(TRY IT) Without including any pictures, retype exactly the lines from the top of the records through the line containing "Length unit declared in the file: inch", that final line included.

(DATASET)
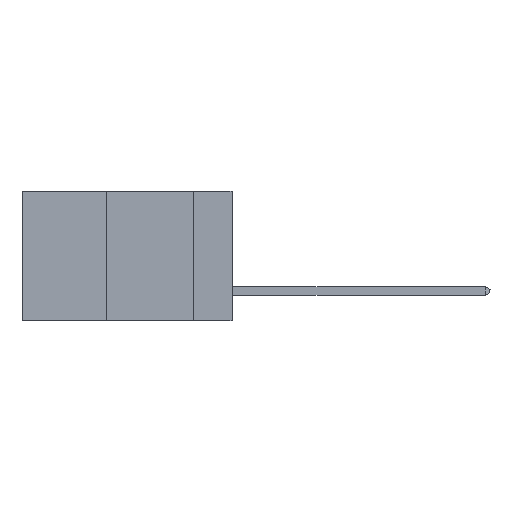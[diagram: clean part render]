
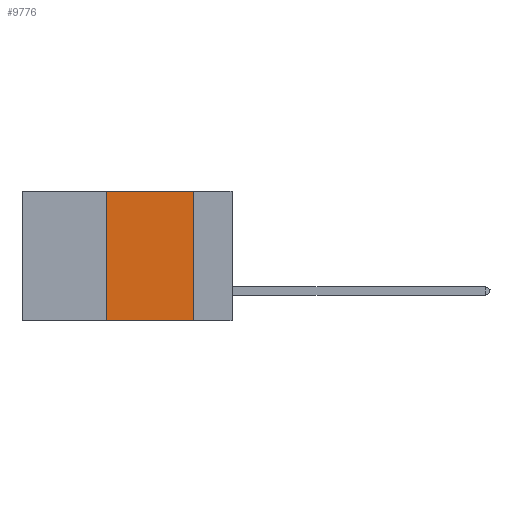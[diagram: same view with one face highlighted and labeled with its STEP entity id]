
A CAD part, left-side view. The second image highlights one B-rep face of the part: STEP entity #9776.
In plain terms, the highlighted planar face has unit normal (-1, 0, 0).
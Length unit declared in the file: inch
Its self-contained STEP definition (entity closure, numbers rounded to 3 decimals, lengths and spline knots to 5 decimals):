
#301 = CARTESIAN_POINT ( 'NONE',  ( 0., 0.11, -0.37 ) ) ;
#438 = DIRECTION ( 'NONE',  ( 0., -1., 0. ) ) ;
#439 = DIRECTION ( 'NONE',  ( 0., 0., 1. ) ) ;
#516 = CARTESIAN_POINT ( 'NONE',  ( 0., 0.11, 0. ) ) ;
#2299 = ORIENTED_EDGE ( 'NONE', *, *, #13564, .F. ) ;
#2597 = EDGE_CURVE ( 'NONE', #11835, #7842, #6581, .T. ) ;
#3164 = FACE_OUTER_BOUND ( 'NONE', #3867, .T. ) ;
#3358 = CARTESIAN_POINT ( 'NONE',  ( 0., 0.6, 0. ) ) ;
#3867 = EDGE_LOOP ( 'NONE', ( #2299, #14221, #6552, #5772 ) ) ;
#4471 = DIRECTION ( 'NONE',  ( 0., 0., -1. ) ) ;
#4968 = LINE ( 'NONE', #11548, #6285 ) ;
#5772 = ORIENTED_EDGE ( 'NONE', *, *, #15288, .T. ) ;
#5823 = CARTESIAN_POINT ( 'NONE',  ( 0., 0.36, 0. ) ) ;
#5917 = VERTEX_POINT ( 'NONE', #516 ) ;
#6285 = VECTOR ( 'NONE', #438, 39.37008 ) ;
#6340 = DIRECTION ( 'NONE',  ( 0., -1., 0. ) ) ;
#6347 = EDGE_CURVE ( 'NONE', #7842, #5917, #9326, .T. ) ;
#6552 = ORIENTED_EDGE ( 'NONE', *, *, #2597, .F. ) ;
#6581 = LINE ( 'NONE', #14912, #12496 ) ;
#6711 = CARTESIAN_POINT ( 'NONE',  ( 0., 0.11, 0. ) ) ;
#7034 = LINE ( 'NONE', #6711, #13372 ) ;
#7194 = VECTOR ( 'NONE', #6340, 39.37008 ) ;
#7842 = VERTEX_POINT ( 'NONE', #5823 ) ;
#8200 = VERTEX_POINT ( 'NONE', #301 ) ;
#8270 = DIRECTION ( 'NONE',  ( 1., 0., 0. ) ) ;
#9326 = LINE ( 'NONE', #11462, #7194 ) ;
#9776 = ADVANCED_FACE ( 'NONE', ( #3164 ), #11904, .F. ) ;
#9864 = CARTESIAN_POINT ( 'NONE',  ( 0., 0.36, -0.37 ) ) ;
#11462 = CARTESIAN_POINT ( 'NONE',  ( 0., 0.6, 0. ) ) ;
#11548 = CARTESIAN_POINT ( 'NONE',  ( 0., 0.6, -0.37 ) ) ;
#11642 = DIRECTION ( 'NONE',  ( 0., 0., -1. ) ) ;
#11835 = VERTEX_POINT ( 'NONE', #9864 ) ;
#11904 = PLANE ( 'NONE',  #12622 ) ;
#12496 = VECTOR ( 'NONE', #439, 39.37008 ) ;
#12622 = AXIS2_PLACEMENT_3D ( 'NONE', #3358, #8270, #4471 ) ;
#13372 = VECTOR ( 'NONE', #11642, 39.37008 ) ;
#13564 = EDGE_CURVE ( 'NONE', #5917, #8200, #7034, .T. ) ;
#14221 = ORIENTED_EDGE ( 'NONE', *, *, #6347, .F. ) ;
#14912 = CARTESIAN_POINT ( 'NONE',  ( 0., 0.36, 0. ) ) ;
#15288 = EDGE_CURVE ( 'NONE', #11835, #8200, #4968, .T. ) ;

(RESPONSE BOX)
[diagram: clean part render]
[diagram: same view with one face highlighted and labeled with its STEP entity id]
A CAD part, left-side view. The second image highlights one B-rep face of the part: STEP entity #9776.
In plain terms, the highlighted planar face has unit normal (-1, 0, 0).
Length unit declared in the file: inch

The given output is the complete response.